Credit Suisse Securities (USA) LLC is the Dealer Manager and Solicitation Agent for the tender offer and consent solicitation. Questions regarding the terms of the tender offer or consent solicitation may be directed to Credit Suisse Securities (USA) LLC at (800) 820-1653 (toll-free) and (212) 538-2147 (collect).
This press release is neither an offer to purchase nor a solicitation of an offer to sell the Notes or any other securities. The tender offer and consent solicitation are being made only by and pursuant to the terms of the Offer to Purchase and the related Letter of Transmittal. Holders are urged to read the Offer to Purchase and related documents carefully before making any decision with respect to the tender offer and consent solicitation. Holders of Notes must make their own decisions as to whether to tender their Notes and provide the related consents. None of the Company, the Issuer, the Dealer Manager and Solicitation Agent or the Tender and Information Agent makes any recommendations as to whether holders should tender their Notes pursuant to the tender offer or provide the related consents, and no one has been authorized to make such a recommendation.
The Issuer expressly reserves the right, subject to applicable law, to terminate the tender offer and consent solicitation. This press release does not constitute a notice of redemption or an obligation to issue a notice of redemption in respect of the Notes.
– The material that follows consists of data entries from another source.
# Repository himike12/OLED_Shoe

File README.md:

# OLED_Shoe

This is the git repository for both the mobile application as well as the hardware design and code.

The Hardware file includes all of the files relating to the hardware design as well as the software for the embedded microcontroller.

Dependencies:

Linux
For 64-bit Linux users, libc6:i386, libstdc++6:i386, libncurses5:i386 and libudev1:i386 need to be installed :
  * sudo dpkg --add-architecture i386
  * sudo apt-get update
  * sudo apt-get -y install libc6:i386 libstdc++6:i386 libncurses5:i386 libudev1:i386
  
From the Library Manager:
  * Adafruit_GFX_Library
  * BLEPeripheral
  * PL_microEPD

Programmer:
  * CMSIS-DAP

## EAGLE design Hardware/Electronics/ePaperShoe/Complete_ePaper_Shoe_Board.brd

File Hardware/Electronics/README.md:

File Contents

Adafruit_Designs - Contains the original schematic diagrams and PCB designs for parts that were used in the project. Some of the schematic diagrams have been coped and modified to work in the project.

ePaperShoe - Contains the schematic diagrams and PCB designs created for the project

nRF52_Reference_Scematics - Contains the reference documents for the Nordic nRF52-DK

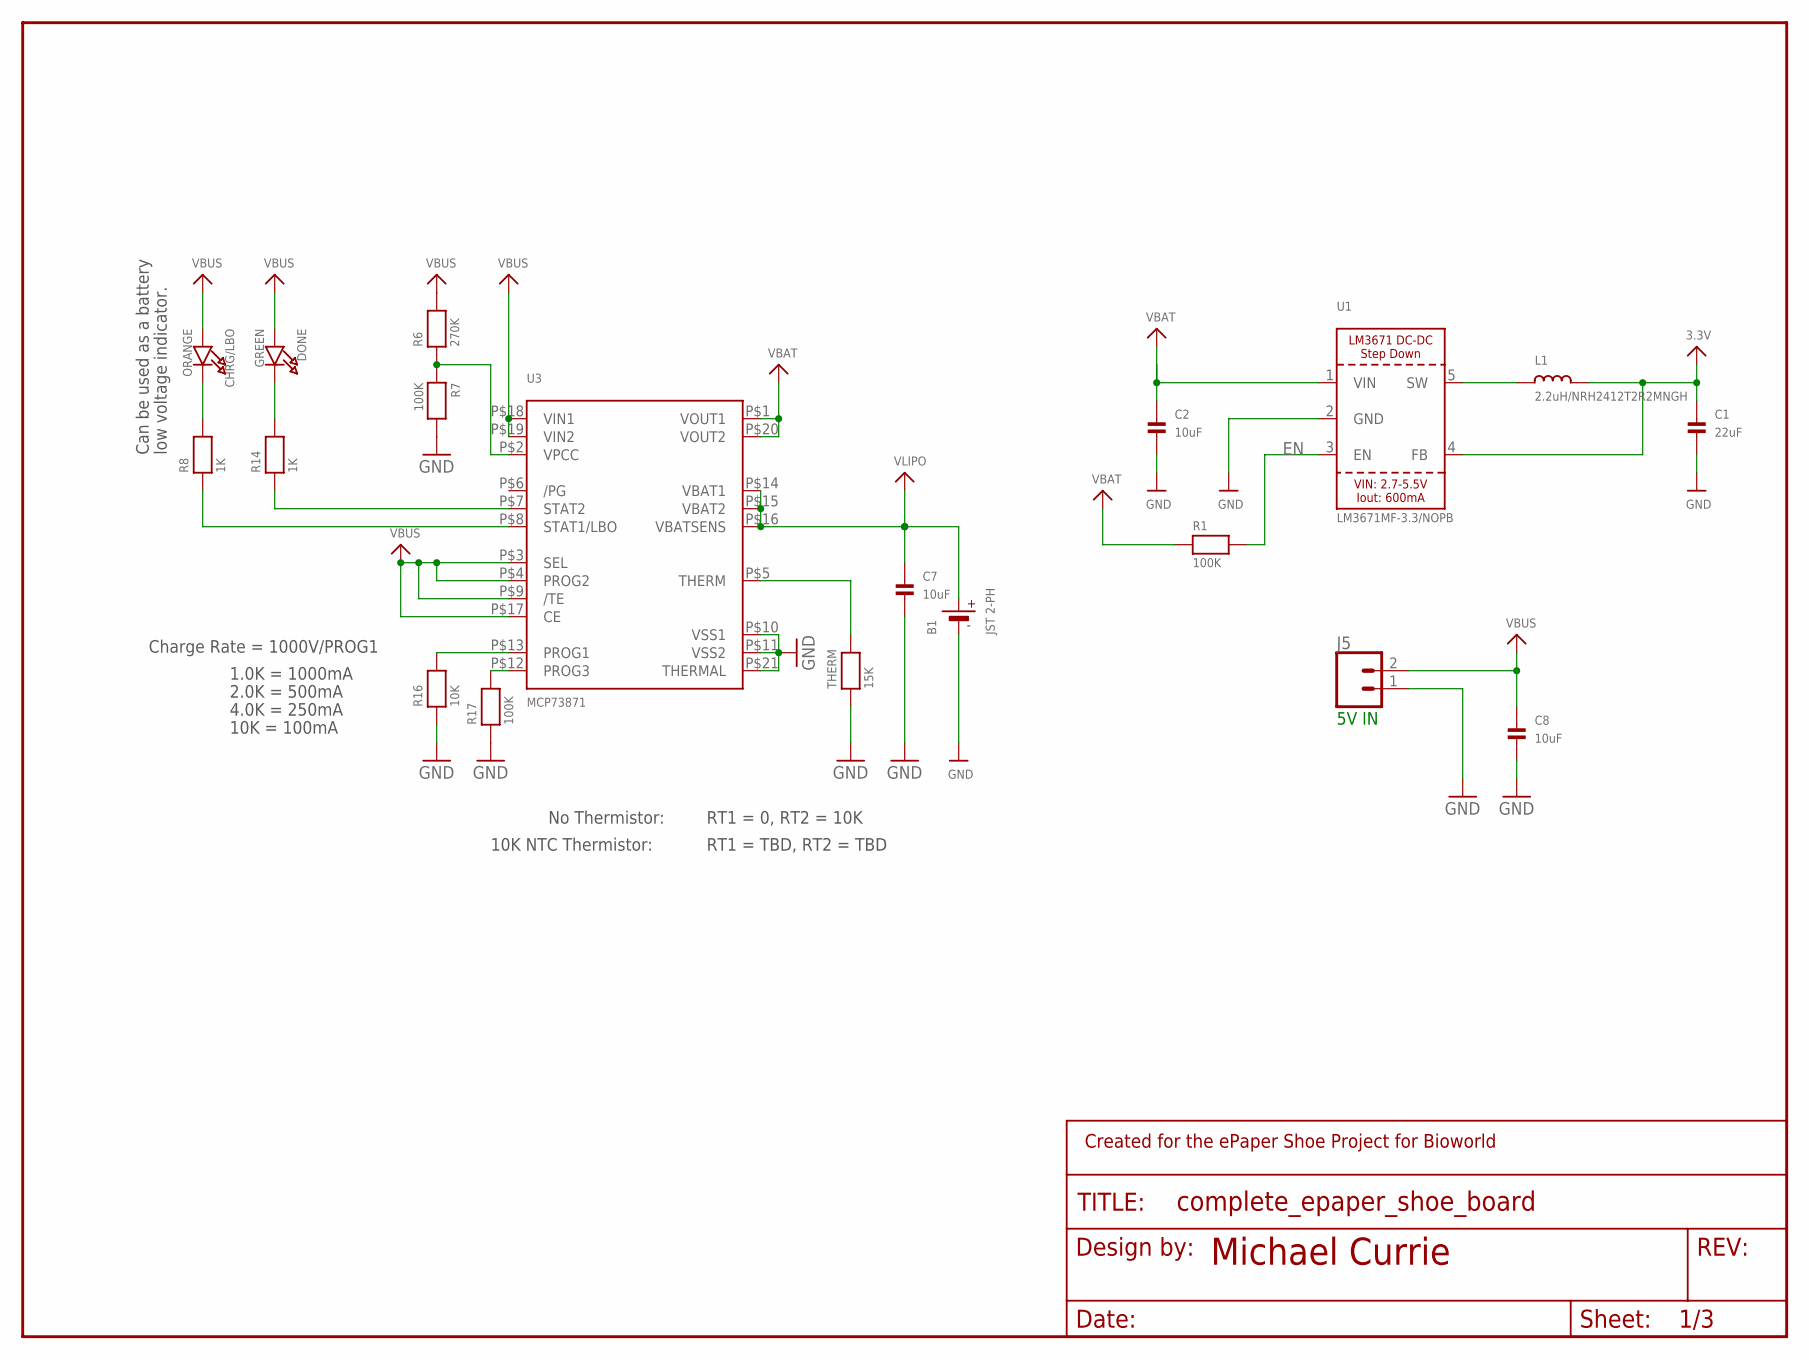
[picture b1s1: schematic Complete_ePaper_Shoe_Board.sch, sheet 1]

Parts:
B1: JST 2-PH; JSTPH2
C1: 22uF; 0805
C2, C7, C8: 10uF; 0805
CHRG/LBO: ORANGE; CHIPLED_0805_NOOUTLINE
DONE: GREEN; CHIPLED_0805_NOOUTLINE
FRAME1: FRAME-LETTER-MICHAELNO_PACKAGE; DUMMY
J5: CONN_02; 1X02
L1: 2.2uH/NRH2412T2R2MNGH; INDUCTOR_5X5MM_NR5040_NOTHERMALS
R1, R7, R17: 100K; 0805
R6: 270K; 0805
R8, R14: 1K; 0805
R16: 10K; 0805
THERM: 15K; 0805
U1: LM3671MF-3.3/NOPB; SOT23-5
U3: MCP73871; QFN20_4MM

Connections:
3.3V: C1.1, L1.P$2 (2), U1.4 (FB); also elsewhere on the board
EN: R1.2, U1.3 (EN)
GND: B1.1 (-), C1.2, C2.2, C7.2, C8.2, J5.1, R7.2, R16.1, R17.1, THERM.1, U1.2 (GND), U3.P$10 (VSS1), U3.P$11 (VSS2), U3.P$21 (THERMAL); also elsewhere on the board
unnamed: L1.P$1 (1), U1.5 (SW)
unnamed: R6.1, R7.1, U3.P$2 (VPCC)
unnamed: DONE.C, R14.2
unnamed: R14.1, U3.P$7 (STAT2)
unnamed: THERM.2, U3.P$5 (THERM)
unnamed: R8.1, U3.P$8 (STAT1/LBO)
unnamed: CHRG/LBO.C, R8.2
unnamed: R17.2, U3.P$12 (PROG3)
unnamed: R16.2, U3.P$13 (PROG1)
VBAT: C2.1, R1.1, U1.1 (VIN), U3.P$1 (VOUT1), U3.P$20 (VOUT2)
VBUS: C8.1, CHRG/LBO.A, DONE.A, J5.2, R6.2, U3.P$3 (SEL), U3.P$4 (PROG2), U3.P$9 (/TE), U3.P$17 (CE), U3.P$18 (VIN1), U3.P$19 (VIN2)
VLIPO: B1.2 (+), C7.1, U3.P$14 (VBAT1), U3.P$15 (VBAT2), U3.P$16 (VBATSENS)

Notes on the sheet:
Charge Rate = 1000V/PROG1
1.0K = 1000mA
2.0K = 500mA
No Thermistor:
10K NTC Thermistor:
RT1 = 0, RT2 = 10K
RT1 = TBD, RT2 = TBD
4.0K = 250mA
10K = 100mA
Can be used as a battery
low voltage indicator.
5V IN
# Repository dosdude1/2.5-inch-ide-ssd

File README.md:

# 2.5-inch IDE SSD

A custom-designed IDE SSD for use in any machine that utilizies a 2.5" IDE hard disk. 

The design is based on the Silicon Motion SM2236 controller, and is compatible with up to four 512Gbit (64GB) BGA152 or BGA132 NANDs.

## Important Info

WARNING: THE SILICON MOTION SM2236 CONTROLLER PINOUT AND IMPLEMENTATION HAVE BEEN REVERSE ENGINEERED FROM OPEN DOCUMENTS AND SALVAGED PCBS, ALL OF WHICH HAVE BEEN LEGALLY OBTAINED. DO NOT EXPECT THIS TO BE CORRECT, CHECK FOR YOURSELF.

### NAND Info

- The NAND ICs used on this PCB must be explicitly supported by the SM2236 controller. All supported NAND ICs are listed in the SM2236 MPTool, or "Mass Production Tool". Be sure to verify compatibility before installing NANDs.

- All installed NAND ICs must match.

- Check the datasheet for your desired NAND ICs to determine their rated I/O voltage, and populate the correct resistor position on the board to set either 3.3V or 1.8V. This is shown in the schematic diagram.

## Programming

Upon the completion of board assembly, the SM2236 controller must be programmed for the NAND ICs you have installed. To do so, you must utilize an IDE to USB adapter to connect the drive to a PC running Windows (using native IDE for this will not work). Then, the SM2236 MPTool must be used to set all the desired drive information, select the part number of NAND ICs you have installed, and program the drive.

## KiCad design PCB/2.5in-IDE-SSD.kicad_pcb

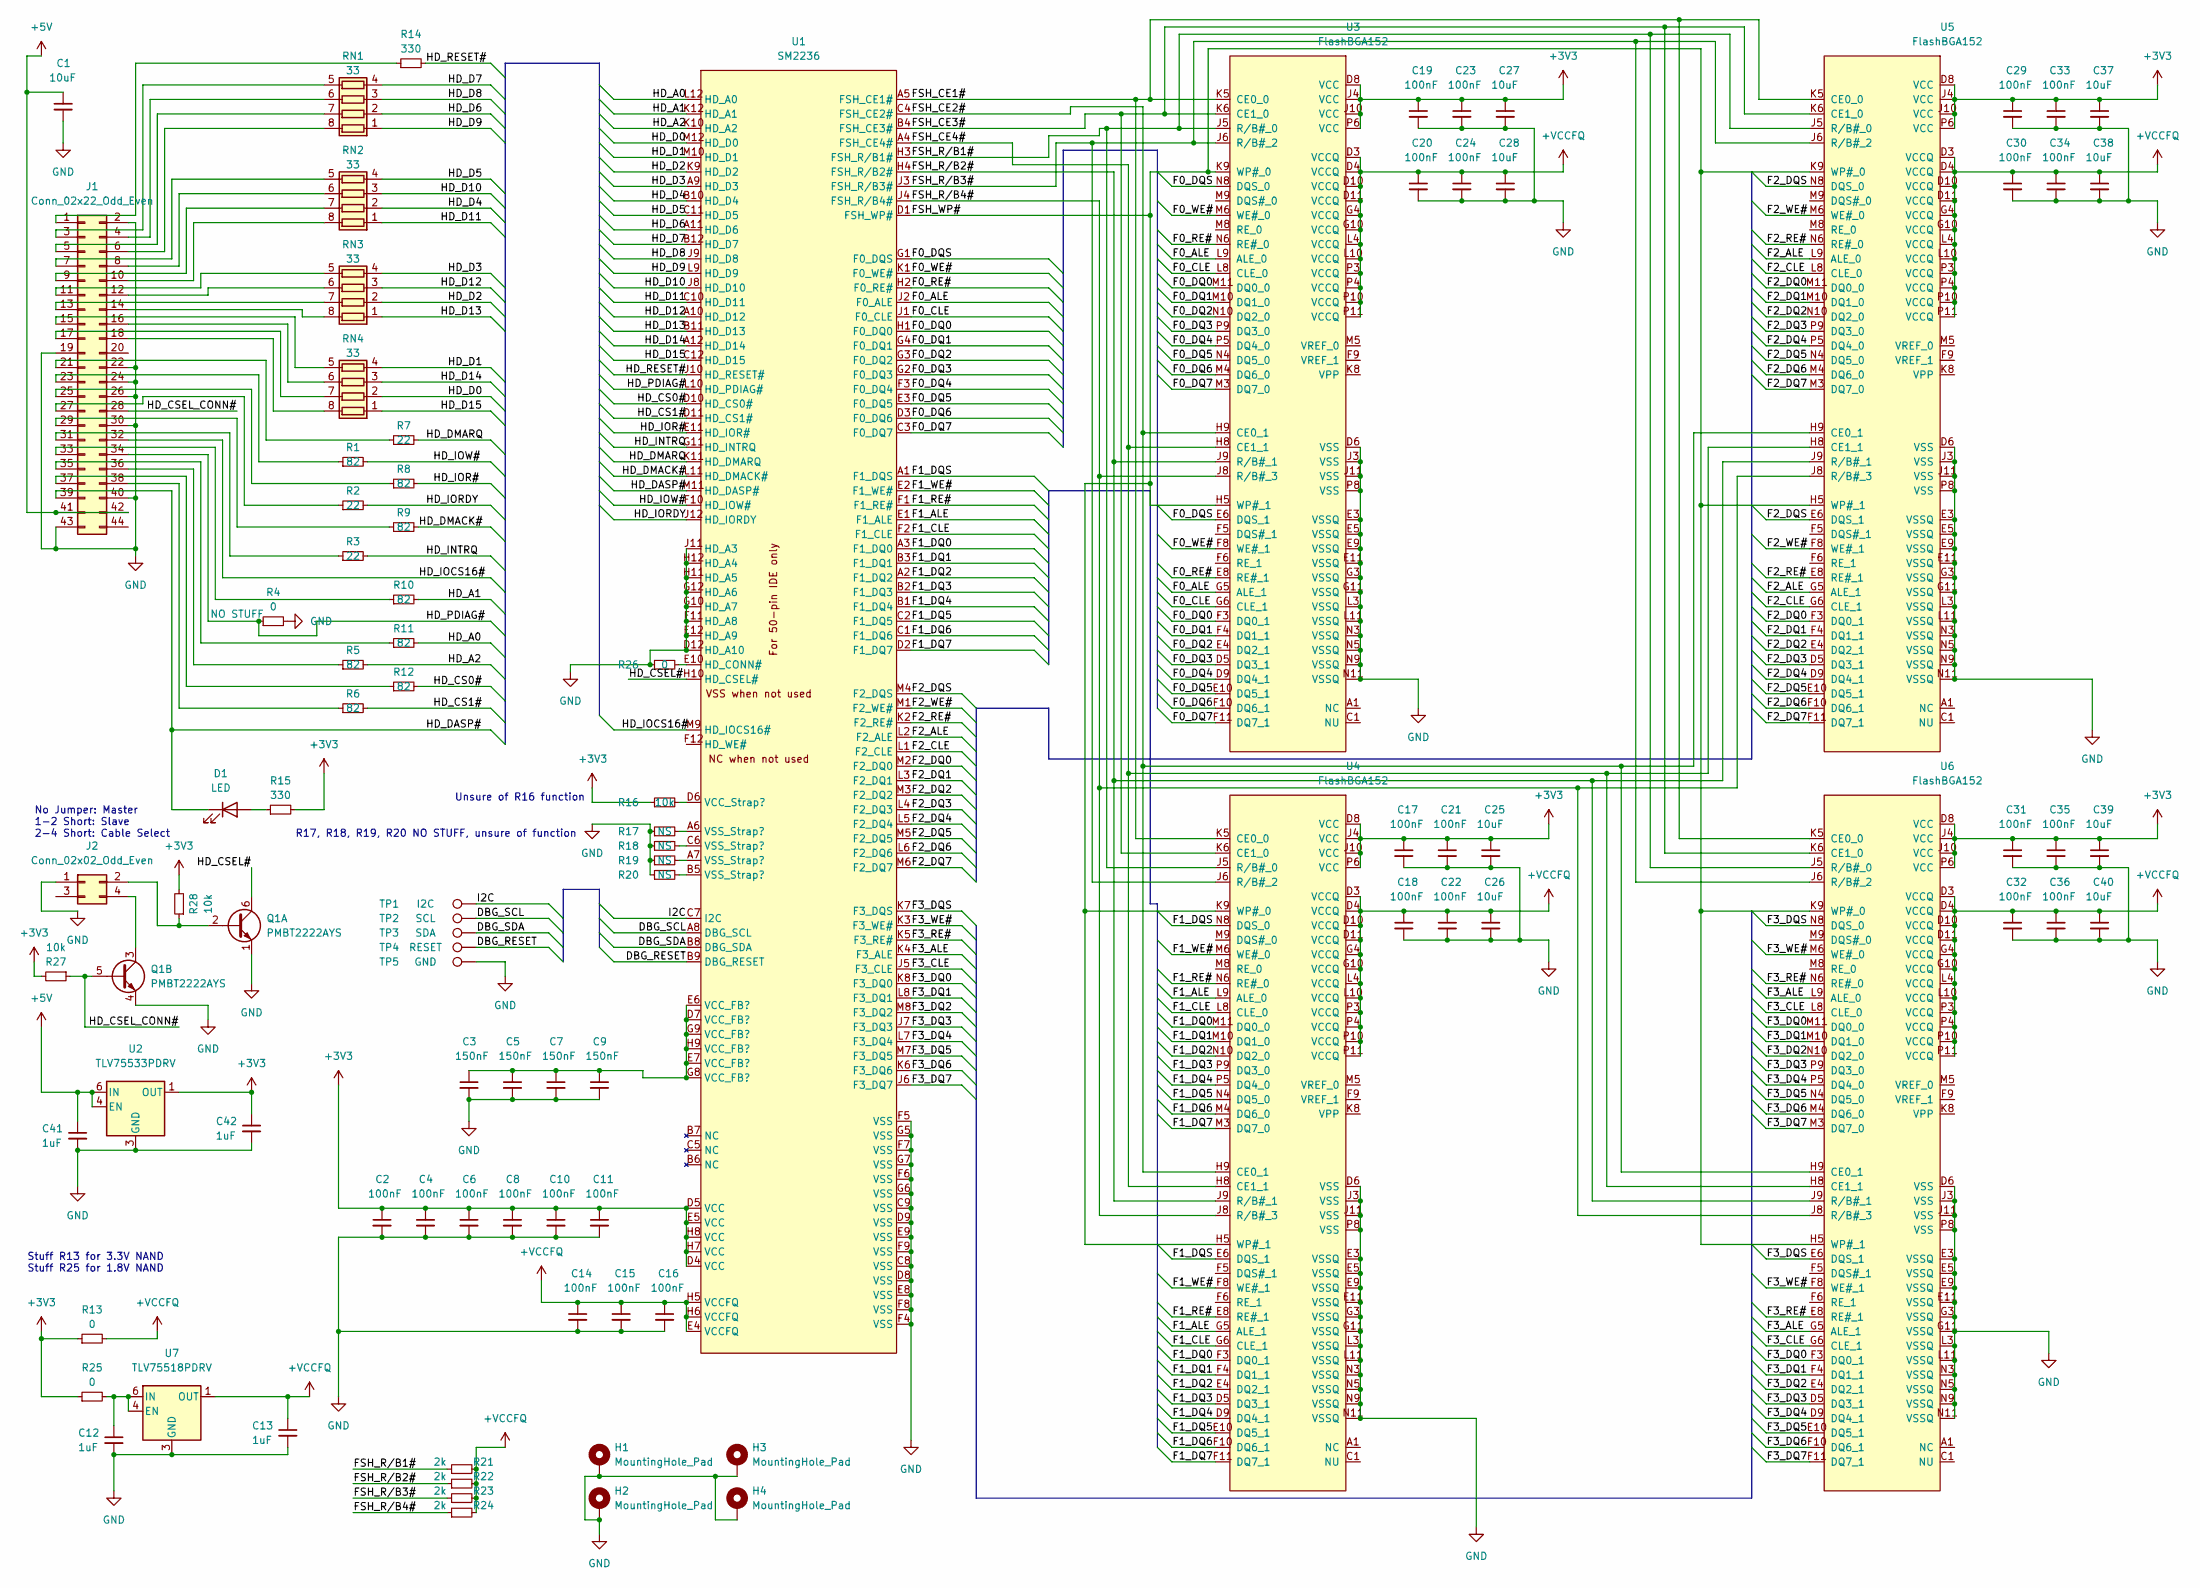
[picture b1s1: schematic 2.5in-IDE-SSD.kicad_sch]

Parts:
C1: 10uF; C_0805_2012Metric; LCSC C15850
C2, C4, C6, C8, C10, C11, C14, C15, C16, C17, C18, C19, C20, C21, C22, C23, C24, C29, C30, C31, C32, C33, C34, C35, C36: 100nF; C_0402_1005Metric; LCSC C1525
C3, C5, C7, C9: 150nF; C_0402_1005Metric; LCSC C576725
C12, C13, C41, C42: 1uF; C_0603_1608Metric; LCSC C5673
C25, C26, C27, C28, C37, C38, C39, C40: 10uF; C_0603_1608Metric; LCSC C1691
D1: LED; LED_0603_1608Metric; LCSC C5160703
H1, H2, H3, H4: MountingHole_Pad; MountingHole_2.2mm_M2_ISO7380_Pad_TopBottom
J1: Conn_02x22_Odd_Even; 2x22_2mm_border_conn
J2: Conn_02x02_Odd_Even; 2x2_2mm_border_conn
Q1: PMBT2222AYS; SOT-363_SC-70-6
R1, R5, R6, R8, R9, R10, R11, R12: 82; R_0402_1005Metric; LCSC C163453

About Community Health Systems, Inc.
Located in the Nashville, Tennessee, suburb of Franklin, Community Health Systems, Inc. is one of the largest publicly-traded hospital companies in the United States and a leading operator of general acute care hospitals in non-urban and mid-size markets throughout the country. Through its subsidiaries, the Company currently owns, leases or operates 135 hospitals in 29 states with an aggregate of approximately 20,000 licensed beds. Its hospitals offer a broad range of inpatient and surgical services, outpatient treatment and skilled nursing care. In addition, through its subsidiary, Quorum Health Resources, LLC, the Company provides management and consulting services to non-affiliated general acute care hospitals located throughout the United States. Shares in Community Health Systems, Inc. are traded on the New York Stock Exchange under the symbol “CYH.”
Statements contained in this press release regarding the proposed transactions and other events are forward-looking statements that involve risk and uncertainties. Actual future events or results may differ materially from these statements. Readers are referred to the documents filed by Community Health Systems, Inc. with the Securities and Exchange Commission, including the Company’s Annual Report on Form 10-K, Current Reports on Form 8-K and Quarterly Reports on Form 10-Q. These filings identify important risk factors and other uncertainties that could cause actual results to differ from those contained in the forward-looking statements. The Company undertakes no obligation to revise or update any forward-looking statements, or to make any other forward-looking statements, whether as a result of new information, future events or otherwise.